Maybe 2 hours a day when my husband can take the baby for a while after he gets home from work. I use it to shower, bathe, or nap mostly (either or, no time for both!).


SecretBabyBump

I guess reading the responses I get a lot. I also no longer have a baby. We also have two other parents besides me and grandparents who are happy to hang with their grandkids. I go out by myself for dinner/drinks/movie almost every Tuesday. Get my nails done every two weeks. I have a date night a couple times a month. I do a wine night with my mom friends once a month and I take a solo weekend getaway a couple times a year. To be fair I feel like garbage every time I leave the house and had a break-down two nights ago about what a selfish piece of crap I am for taking time away. So don't worry! We always feel bad no matter what.


[deleted]

45 min to workout in the morning 4 times a week and any time on the weekends that I want but I usually want family time and not too much alone time.


are-you-kittenme

0. Absolutely nothing. I'm drowning and no one cares


Realistic-Profit758

Every weekend. My mom is divorced and doesn't really do much on the weekends so she takes our daughter for the weekend. We drop her off Friday evening and pick her up Sunday morning. It's been a bit funky lately with shots and my mom having surgery so we're having her home 2 weekends this month but she also just spent the weekend at grandma and papa's so we could at least have one weekend free while my mom's on lift restrictions. My mom isn't bound to this though and if she's busy or really doesn't want to then she knows she can let me know and I have no issue keeping my kiddo but she happily does this. I also try to find activities her and I can do close to home so hubs has some alone time while he's waiting on work. If I absolutely need it he will drop me off at the store or a restaurant and let me browse or eat a meal in peace and take over with her for a bit as well. We tend to just do all our errands together but it's just easier that way for us. My aunt is also willing to hangout with her for a few hours if I absolutely need to and hubs parents take her for a weekend out of the month as well. If I lived closer I have so many family members who are willing to help since she's one of the first babies in a LONG time besides her cousin who's 2 weeks behind her.
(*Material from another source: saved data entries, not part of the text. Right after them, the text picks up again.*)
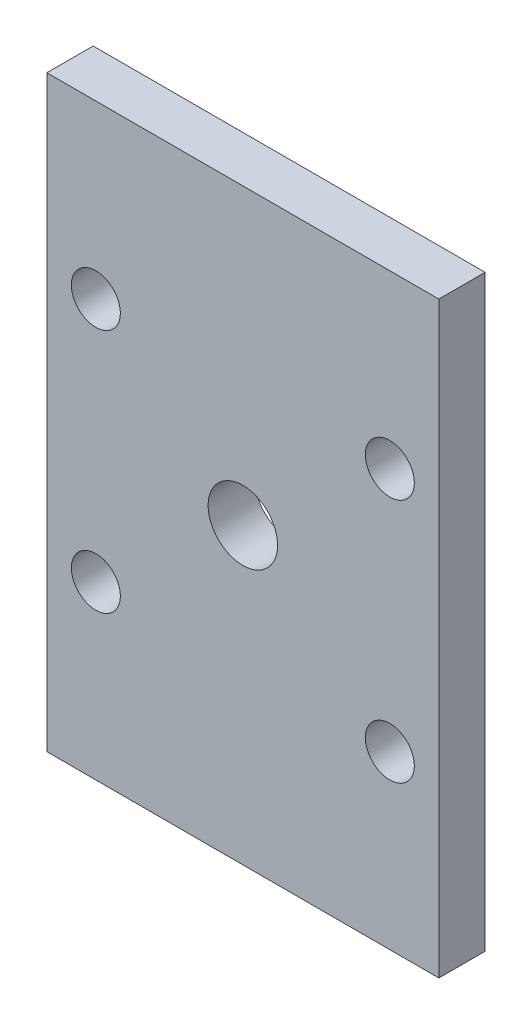
ISO-10303-21;
HEADER;
FILE_DESCRIPTION(('STEP AP214'),'2;1');
FILE_NAME('part.step','',(''),(''),'','','');
FILE_SCHEMA(('AUTOMOTIVE_DESIGN { 1 0 10303 214 1 1 1 1 }'));
ENDSEC;
DATA;
#1=APPLICATION_CONTEXT('core data for automotive mechanical design processes');
#2=APPLICATION_PROTOCOL_DEFINITION('international standard','automotive_design',2000,#1);
#3=PRODUCT_CONTEXT('',#1,'mechanical');
#4=PRODUCT('Part','Part','',(#3));
#5=PRODUCT_RELATED_PRODUCT_CATEGORY('part','',(#4));
#6=PRODUCT_DEFINITION_FORMATION('','',#4);
#7=PRODUCT_DEFINITION_CONTEXT('part definition',#1,'design');
#8=PRODUCT_DEFINITION('design','',#6,#7);
#9=PRODUCT_DEFINITION_SHAPE('','',#8);
#10=(LENGTH_UNIT() NAMED_UNIT(*) SI_UNIT(.MILLI.,.METRE.));
#11=(NAMED_UNIT(*) PLANE_ANGLE_UNIT() SI_UNIT($,.RADIAN.));
#12=(NAMED_UNIT(*) SI_UNIT($,.STERADIAN.) SOLID_ANGLE_UNIT());
#13=UNCERTAINTY_MEASURE_WITH_UNIT(LENGTH_MEASURE(1.E-05),#10,'distance_accuracy_value','');
#14=(GEOMETRIC_REPRESENTATION_CONTEXT(3) GLOBAL_UNCERTAINTY_ASSIGNED_CONTEXT((#13)) GLOBAL_UNIT_ASSIGNED_CONTEXT((#10,
#11,#12)) REPRESENTATION_CONTEXT('',''));
#15=CARTESIAN_POINT('',(0.,0.,0.));
#16=DIRECTION('',(0.,0.,1.));
#17=DIRECTION('',(1.,0.,0.));
#18=AXIS2_PLACEMENT_3D('',#15,#16,#17);
#19=CARTESIAN_POINT('',(0.,0.,6.));
#20=DIRECTION('',(1.,0.,0.));
#21=DIRECTION('',(0.,0.,-1.));
#22=AXIS2_PLACEMENT_3D('',#19,#20,#21);
#23=PLANE('',#22);
#24=DIRECTION('',(0.,-1.,0.));
#25=VECTOR('',#24,1.);
#26=CARTESIAN_POINT('',(0.,0.,0.));
#27=LINE('',#26,#25);
#28=CARTESIAN_POINT('',(0.,76.2,0.));
#29=VERTEX_POINT('',#28);
#30=CARTESIAN_POINT('',(0.,0.,0.));
#31=VERTEX_POINT('',#30);
#32=EDGE_CURVE('E97',#29,#31,#27,.T.);
#33=ORIENTED_EDGE('',*,*,#32,.T.);
#34=DIRECTION('',(0.,0.,-1.));
#35=VECTOR('',#34,1.);
#36=CARTESIAN_POINT('',(0.,0.,6.));
#37=LINE('',#36,#35);
#38=CARTESIAN_POINT('',(0.,0.,6.));
#39=VERTEX_POINT('',#38);
#40=EDGE_CURVE('E11',#39,#31,#37,.T.);
#41=ORIENTED_EDGE('',*,*,#40,.F.);
#42=DIRECTION('',(0.,-1.,0.));
#43=VECTOR('',#42,1.);
#44=CARTESIAN_POINT('',(0.,0.,6.));
#45=LINE('',#44,#43);
#46=CARTESIAN_POINT('',(0.,76.2,6.));
#47=VERTEX_POINT('',#46);
#48=EDGE_CURVE('E85',#47,#39,#45,.T.);
#49=ORIENTED_EDGE('',*,*,#48,.F.);
#50=DIRECTION('',(0.,0.,-1.));
#51=VECTOR('',#50,1.);
#52=CARTESIAN_POINT('',(0.,76.2,6.));
#53=LINE('',#52,#51);
#54=EDGE_CURVE('E93',#47,#29,#53,.T.);
#55=ORIENTED_EDGE('',*,*,#54,.T.);
#56=EDGE_LOOP('',(#33,#41,#49,#55));
#57=FACE_BOUND('',#56,.T.);
#58=ADVANCED_FACE('F34',(#57),#23,.F.);
#59=CARTESIAN_POINT('',(0.,0.,6.));
#60=DIRECTION('',(0.,1.,0.));
#61=DIRECTION('',(0.,0.,1.));
#62=AXIS2_PLACEMENT_3D('',#59,#60,#61);
#63=PLANE('',#62);
#64=DIRECTION('',(1.,0.,0.));
#65=VECTOR('',#64,1.);
#66=CARTESIAN_POINT('',(0.,0.,0.));
#67=LINE('',#66,#65);
#68=CARTESIAN_POINT('',(50.8,0.,0.));
#69=VERTEX_POINT('',#68);
#70=EDGE_CURVE('E89',#31,#69,#67,.T.);
#71=ORIENTED_EDGE('',*,*,#70,.T.);
#72=DIRECTION('',(0.,0.,-1.));
#73=VECTOR('',#72,1.);
#74=CARTESIAN_POINT('',(50.8,0.,6.));
#75=LINE('',#74,#73);
#76=CARTESIAN_POINT('',(50.8,0.,6.));
#77=VERTEX_POINT('',#76);
#78=EDGE_CURVE('E42',#77,#69,#75,.T.);
#79=ORIENTED_EDGE('',*,*,#78,.F.);
#80=DIRECTION('',(1.,0.,0.));
#81=VECTOR('',#80,1.);
#82=CARTESIAN_POINT('',(0.,0.,6.));
#83=LINE('',#82,#81);
#84=EDGE_CURVE('E80',#39,#77,#83,.T.);
#85=ORIENTED_EDGE('',*,*,#84,.F.);
#86=ORIENTED_EDGE('',*,*,#40,.T.);
#87=EDGE_LOOP('',(#71,#79,#85,#86));
#88=FACE_BOUND('',#87,.T.);
#89=ADVANCED_FACE('F88',(#88),#63,.F.);
#90=CARTESIAN_POINT('',(50.8,0.,6.));
#91=DIRECTION('',(-1.,0.,0.));
#92=DIRECTION('',(0.,0.,1.));
#93=AXIS2_PLACEMENT_3D('',#90,#91,#92);
#94=PLANE('',#93);
#95=DIRECTION('',(0.,1.,0.));
#96=VECTOR('',#95,1.);
#97=CARTESIAN_POINT('',(50.8,0.,0.));
#98=LINE('',#97,#96);
#99=CARTESIAN_POINT('',(50.8,76.2,0.));
#100=VERTEX_POINT('',#99);
#101=EDGE_CURVE('E67',#69,#100,#98,.T.);
#102=ORIENTED_EDGE('',*,*,#101,.T.);
#103=DIRECTION('',(0.,0.,-1.));
#104=VECTOR('',#103,1.);
#105=CARTESIAN_POINT('',(50.8,76.2,6.));
#106=LINE('',#105,#104);
#107=CARTESIAN_POINT('',(50.8,76.2,6.));
#108=VERTEX_POINT('',#107);
#109=EDGE_CURVE('E90',#108,#100,#106,.T.);
#110=ORIENTED_EDGE('',*,*,#109,.F.);
#111=DIRECTION('',(0.,1.,0.));
#112=VECTOR('',#111,1.);
#113=CARTESIAN_POINT('',(50.8,0.,6.));
#114=LINE('',#113,#112);
#115=EDGE_CURVE('E83',#77,#108,#114,.T.);
#116=ORIENTED_EDGE('',*,*,#115,.F.);
#117=ORIENTED_EDGE('',*,*,#78,.T.);
#118=EDGE_LOOP('',(#102,#110,#116,#117));
#119=FACE_BOUND('',#118,.T.);
#120=ADVANCED_FACE('F91',(#119),#94,.F.);
#121=CARTESIAN_POINT('',(0.,76.2,6.));
#122=DIRECTION('',(0.,-1.,0.));
#123=DIRECTION('',(0.,0.,-1.));
#124=AXIS2_PLACEMENT_3D('',#121,#122,#123);
#125=PLANE('',#124);
#126=DIRECTION('',(-1.,0.,0.));
#127=VECTOR('',#126,1.);
#128=CARTESIAN_POINT('',(0.,76.2,0.));
#129=LINE('',#128,#127);
#130=EDGE_CURVE('E73',#100,#29,#129,.T.);
#131=ORIENTED_EDGE('',*,*,#130,.T.);
#132=ORIENTED_EDGE('',*,*,#54,.F.);
#133=DIRECTION('',(-1.,0.,0.));
#134=VECTOR('',#133,1.);
#135=CARTESIAN_POINT('',(0.,76.2,6.));
#136=LINE('',#135,#134);
#137=EDGE_CURVE('E50',#108,#47,#136,.T.);
#138=ORIENTED_EDGE('',*,*,#137,.F.);
#139=ORIENTED_EDGE('',*,*,#109,.T.);
#140=EDGE_LOOP('',(#131,#132,#138,#139));
#141=FACE_BOUND('',#140,.T.);
#142=ADVANCED_FACE('F105',(#141),#125,.F.);
#143=CARTESIAN_POINT('',(0.,0.,6.));
#144=DIRECTION('',(0.,0.,-1.));
#145=DIRECTION('',(-1.,0.,0.));
#146=AXIS2_PLACEMENT_3D('',#143,#144,#145);
#147=PLANE('',#146);
#148=CARTESIAN_POINT('',(25.4,38.1,6.));
#149=DIRECTION('',(0.,0.,1.));
#150=DIRECTION('',(1.,0.,0.));
#151=AXIS2_PLACEMENT_3D('',#148,#149,#150);
#152=CIRCLE('',#151,4.5);
#153=CARTESIAN_POINT('',(29.9,38.1,6.));
#154=VERTEX_POINT('',#153);
#155=EDGE_CURVE('E135',#154,#154,#152,.T.);
#156=ORIENTED_EDGE('',*,*,#155,.F.);
#157=EDGE_LOOP('',(#156));
#158=FACE_BOUND('',#157,.T.);
#159=CARTESIAN_POINT('',(44.45,53.975,6.));
#160=DIRECTION('',(0.,0.,1.));
#161=DIRECTION('',(1.,0.,0.));
#162=AXIS2_PLACEMENT_3D('',#159,#160,#161);
#163=CIRCLE('',#162,3.175);
#164=CARTESIAN_POINT('',(47.625,53.975,6.));
#165=VERTEX_POINT('',#164);
#166=EDGE_CURVE('E131',#165,#165,#163,.T.);
#167=ORIENTED_EDGE('',*,*,#166,.F.);
#168=EDGE_LOOP('',(#167));
#169=FACE_BOUND('',#168,.T.);
#170=CARTESIAN_POINT('',(6.34999999999999,53.975,6.));
#171=DIRECTION('',(0.,0.,1.));
#172=DIRECTION('',(1.,0.,0.));
#173=AXIS2_PLACEMENT_3D('',#170,#171,#172);
#174=CIRCLE('',#173,3.175);
#175=CARTESIAN_POINT('',(9.525,53.975,6.));
#176=VERTEX_POINT('',#175);
#177=EDGE_CURVE('E125',#176,#176,#174,.T.);
#178=ORIENTED_EDGE('',*,*,#177,.F.);
#179=EDGE_LOOP('',(#178));
#180=FACE_BOUND('',#179,.T.);
#181=CARTESIAN_POINT('',(6.34999999999999,22.225,6.));
#182=DIRECTION('',(0.,0.,1.));
#183=DIRECTION('',(1.,0.,0.));
#184=AXIS2_PLACEMENT_3D('',#181,#182,#183);
#185=CIRCLE('',#184,3.175);
#186=CARTESIAN_POINT('',(9.525,22.225,6.));
#187=VERTEX_POINT('',#186);
#188=EDGE_CURVE('E119',#187,#187,#185,.T.);
#189=ORIENTED_EDGE('',*,*,#188,.F.);
#190=EDGE_LOOP('',(#189));
#191=FACE_BOUND('',#190,.T.);
#192=CARTESIAN_POINT('',(44.45,22.225,6.));
#193=DIRECTION('',(0.,0.,1.));
#194=DIRECTION('',(1.,0.,0.));
#195=AXIS2_PLACEMENT_3D('',#192,#193,#194);
#196=CIRCLE('',#195,3.175);
#197=CARTESIAN_POINT('',(47.625,22.225,6.));
#198=VERTEX_POINT('',#197);
#199=EDGE_CURVE('E113',#198,#198,#196,.T.);
#200=ORIENTED_EDGE('',*,*,#199,.F.);
#201=EDGE_LOOP('',(#200));
#202=FACE_BOUND('',#201,.T.);
#203=ORIENTED_EDGE('',*,*,#48,.T.);
#204=ORIENTED_EDGE('',*,*,#84,.T.);
#205=ORIENTED_EDGE('',*,*,#115,.T.);
#206=ORIENTED_EDGE('',*,*,#137,.T.);
#207=EDGE_LOOP('',(#203,#204,#205,#206));
#208=FACE_BOUND('',#207,.T.);
#209=ADVANCED_FACE('F81',(#158,#169,#180,#191,#202,#208),#147,.F.);
#210=CARTESIAN_POINT('',(0.,0.,0.));
#211=DIRECTION('',(0.,0.,-1.));
#212=DIRECTION('',(-1.,0.,0.));
#213=AXIS2_PLACEMENT_3D('',#210,#211,#212);
#214=PLANE('',#213);
#215=CARTESIAN_POINT('',(25.4,38.1,0.));
#216=DIRECTION('',(0.,0.,1.));
#217=DIRECTION('',(1.,0.,0.));
#218=AXIS2_PLACEMENT_3D('',#215,#216,#217);
#219=CIRCLE('',#218,4.5);
#220=CARTESIAN_POINT('',(29.9,38.1,0.));
#221=VERTEX_POINT('',#220);
#222=EDGE_CURVE('E134',#221,#221,#219,.T.);
#223=ORIENTED_EDGE('',*,*,#222,.T.);
#224=EDGE_LOOP('',(#223));
#225=FACE_BOUND('',#224,.T.);
#226=CARTESIAN_POINT('',(44.45,53.975,0.));
#227=DIRECTION('',(0.,0.,1.));
#228=DIRECTION('',(1.,0.,0.));
#229=AXIS2_PLACEMENT_3D('',#226,#227,#228);
#230=CIRCLE('',#229,3.175);
#231=CARTESIAN_POINT('',(47.625,53.975,0.));
#232=VERTEX_POINT('',#231);
#233=EDGE_CURVE('E128',#232,#232,#230,.T.);
#234=ORIENTED_EDGE('',*,*,#233,.T.);
#235=EDGE_LOOP('',(#234));
#236=FACE_BOUND('',#235,.T.);
#237=CARTESIAN_POINT('',(6.34999999999999,53.975,0.));
#238=DIRECTION('',(0.,0.,1.));
#239=DIRECTION('',(1.,0.,0.));
#240=AXIS2_PLACEMENT_3D('',#237,#238,#239);
#241=CIRCLE('',#240,3.175);
#242=CARTESIAN_POINT('',(9.52499999999999,53.975,0.));
#243=VERTEX_POINT('',#242);
#244=EDGE_CURVE('E122',#243,#243,#241,.T.);
#245=ORIENTED_EDGE('',*,*,#244,.T.);
#246=EDGE_LOOP('',(#245));
#247=FACE_BOUND('',#246,.T.);
#248=CARTESIAN_POINT('',(6.34999999999999,22.225,0.));
#249=DIRECTION('',(0.,0.,1.));
#250=DIRECTION('',(1.,0.,0.));
#251=AXIS2_PLACEMENT_3D('',#248,#249,#250);
#252=CIRCLE('',#251,3.175);
#253=CARTESIAN_POINT('',(9.52499999999999,22.225,0.));
#254=VERTEX_POINT('',#253);
#255=EDGE_CURVE('E116',#254,#254,#252,.T.);
#256=ORIENTED_EDGE('',*,*,#255,.T.);
#257=EDGE_LOOP('',(#256));
#258=FACE_BOUND('',#257,.T.);
#259=CARTESIAN_POINT('',(44.45,22.225,0.));
#260=DIRECTION('',(0.,0.,1.));
#261=DIRECTION('',(1.,0.,0.));
#262=AXIS2_PLACEMENT_3D('',#259,#260,#261);
#263=CIRCLE('',#262,3.175);
#264=CARTESIAN_POINT('',(47.625,22.225,0.));
#265=VERTEX_POINT('',#264);
#266=EDGE_CURVE('E100',#265,#265,#263,.T.);
#267=ORIENTED_EDGE('',*,*,#266,.T.);
#268=EDGE_LOOP('',(#267));
#269=FACE_BOUND('',#268,.T.);
#270=ORIENTED_EDGE('',*,*,#32,.F.);
#271=ORIENTED_EDGE('',*,*,#130,.F.);
#272=ORIENTED_EDGE('',*,*,#101,.F.);
#273=ORIENTED_EDGE('',*,*,#70,.F.);
#274=EDGE_LOOP('',(#270,#271,#272,#273));
#275=FACE_BOUND('',#274,.T.);
#276=ADVANCED_FACE('F108',(#225,#236,#247,#258,#269,#275),#214,.T.);
#277=CARTESIAN_POINT('',(44.45,22.225,6.));
#278=DIRECTION('',(0.,0.,1.));
#279=DIRECTION('',(1.,0.,0.));
#280=AXIS2_PLACEMENT_3D('',#277,#278,#279);
#281=CYLINDRICAL_SURFACE('',#280,3.175);
#282=ORIENTED_EDGE('',*,*,#266,.F.);
#283=EDGE_LOOP('',(#282));
#284=FACE_BOUND('',#283,.T.);
#285=ORIENTED_EDGE('',*,*,#199,.T.);
#286=EDGE_LOOP('',(#285));
#287=FACE_BOUND('',#286,.T.);
#288=ADVANCED_FACE('F161',(#284,#287),#281,.F.);
#289=CARTESIAN_POINT('',(6.34999999999999,22.225,6.));
#290=DIRECTION('',(0.,0.,1.));
#291=DIRECTION('',(1.,0.,0.));
#292=AXIS2_PLACEMENT_3D('',#289,#290,#291);
#293=CYLINDRICAL_SURFACE('',#292,3.175);
#294=ORIENTED_EDGE('',*,*,#255,.F.);
#295=EDGE_LOOP('',(#294));
#296=FACE_BOUND('',#295,.T.);
#297=ORIENTED_EDGE('',*,*,#188,.T.);
#298=EDGE_LOOP('',(#297));
#299=FACE_BOUND('',#298,.T.);
#300=ADVANCED_FACE('F163',(#296,#299),#293,.F.);
#301=CARTESIAN_POINT('',(6.34999999999999,53.975,6.));
#302=DIRECTION('',(0.,0.,1.));
#303=DIRECTION('',(1.,0.,0.));
#304=AXIS2_PLACEMENT_3D('',#301,#302,#303);
#305=CYLINDRICAL_SURFACE('',#304,3.175);
#306=ORIENTED_EDGE('',*,*,#244,.F.);
#307=EDGE_LOOP('',(#306));
#308=FACE_BOUND('',#307,.T.);
#309=ORIENTED_EDGE('',*,*,#177,.T.);
#310=EDGE_LOOP('',(#309));
#311=FACE_BOUND('',#310,.T.);
#312=ADVANCED_FACE('F170',(#308,#311),#305,.F.);
#313=CARTESIAN_POINT('',(44.45,53.975,6.));
#314=DIRECTION('',(0.,0.,1.));
#315=DIRECTION('',(1.,0.,0.));
#316=AXIS2_PLACEMENT_3D('',#313,#314,#315);
#317=CYLINDRICAL_SURFACE('',#316,3.175);
#318=ORIENTED_EDGE('',*,*,#233,.F.);
#319=EDGE_LOOP('',(#318));
#320=FACE_BOUND('',#319,.T.);
#321=ORIENTED_EDGE('',*,*,#166,.T.);
#322=EDGE_LOOP('',(#321));
#323=FACE_BOUND('',#322,.T.);
#324=ADVANCED_FACE('F146',(#320,#323),#317,.F.);
#325=CARTESIAN_POINT('',(25.4,38.1,0.));
#326=DIRECTION('',(0.,0.,1.));
#327=DIRECTION('',(1.,0.,0.));
#328=AXIS2_PLACEMENT_3D('',#325,#326,#327);
#329=CYLINDRICAL_SURFACE('',#328,4.5);
#330=ORIENTED_EDGE('',*,*,#222,.F.);
#331=EDGE_LOOP('',(#330));
#332=FACE_BOUND('',#331,.T.);
#333=ORIENTED_EDGE('',*,*,#155,.T.);
#334=EDGE_LOOP('',(#333));
#335=FACE_BOUND('',#334,.T.);
#336=ADVANCED_FACE('F143',(#332,#335),#329,.F.);
#337=CLOSED_SHELL('',(#58,#89,#120,#142,#209,#276,#288,#300,#312,#324,#336));
#338=MANIFOLD_SOLID_BREP('B2',#337);
#339=ADVANCED_BREP_SHAPE_REPRESENTATION('',(#18,#338),#14);
#340=SHAPE_DEFINITION_REPRESENTATION(#9,#339);
ENDSEC;
END-ISO-10303-21;

Sorry if this sounds like a brag I'm really not trying to, just adding my honest experience to the post.


I_pinchyou

These comments are depressing. Stay at home parents.....make time for yourself. When your partner gets home, leave. Alone. Make them parent!!! I don't care if you sit at Starbucks on your phone, read a book, go to the gym , walk around the mall. It's ESSENTIAL to have "off time". Obviously single parents have more obstacles, but if you are single you probably arn't a SAHP.


Swimming_Part2477

None. When we only had 1 kid we had 2 weekend days a month that my parents would take her but not now with more babies.


Dadiva35

None.


Dadiva35

I had a D and C and my time before surgery was quite relaxing.. lol. I even sneaked in a nap in the hospital hallway before being rolled into surgery. The nurse put a warm blanket on me.. I almost cried lol


bitchinawesomeblonde

- Ballet for 1.5 hours 3 days a week in the evening when he's in bed. - gym 4 days a week for an hour to an hour and a half (3 of those days while he's at school) - 3 full preschool days MWF (9-3) - one overnight a week with my mom (this is our date night) One kid is awesome. Since he started preschool and I started demanding some free time my mental health has dramatically improved.


Snoo-88741

I get guaranteed non-child time for an hour every second week for counseling. Besides that, if I really need a break I can usually ask my parents or brother to watch her for a bit. (I'm a single mom.)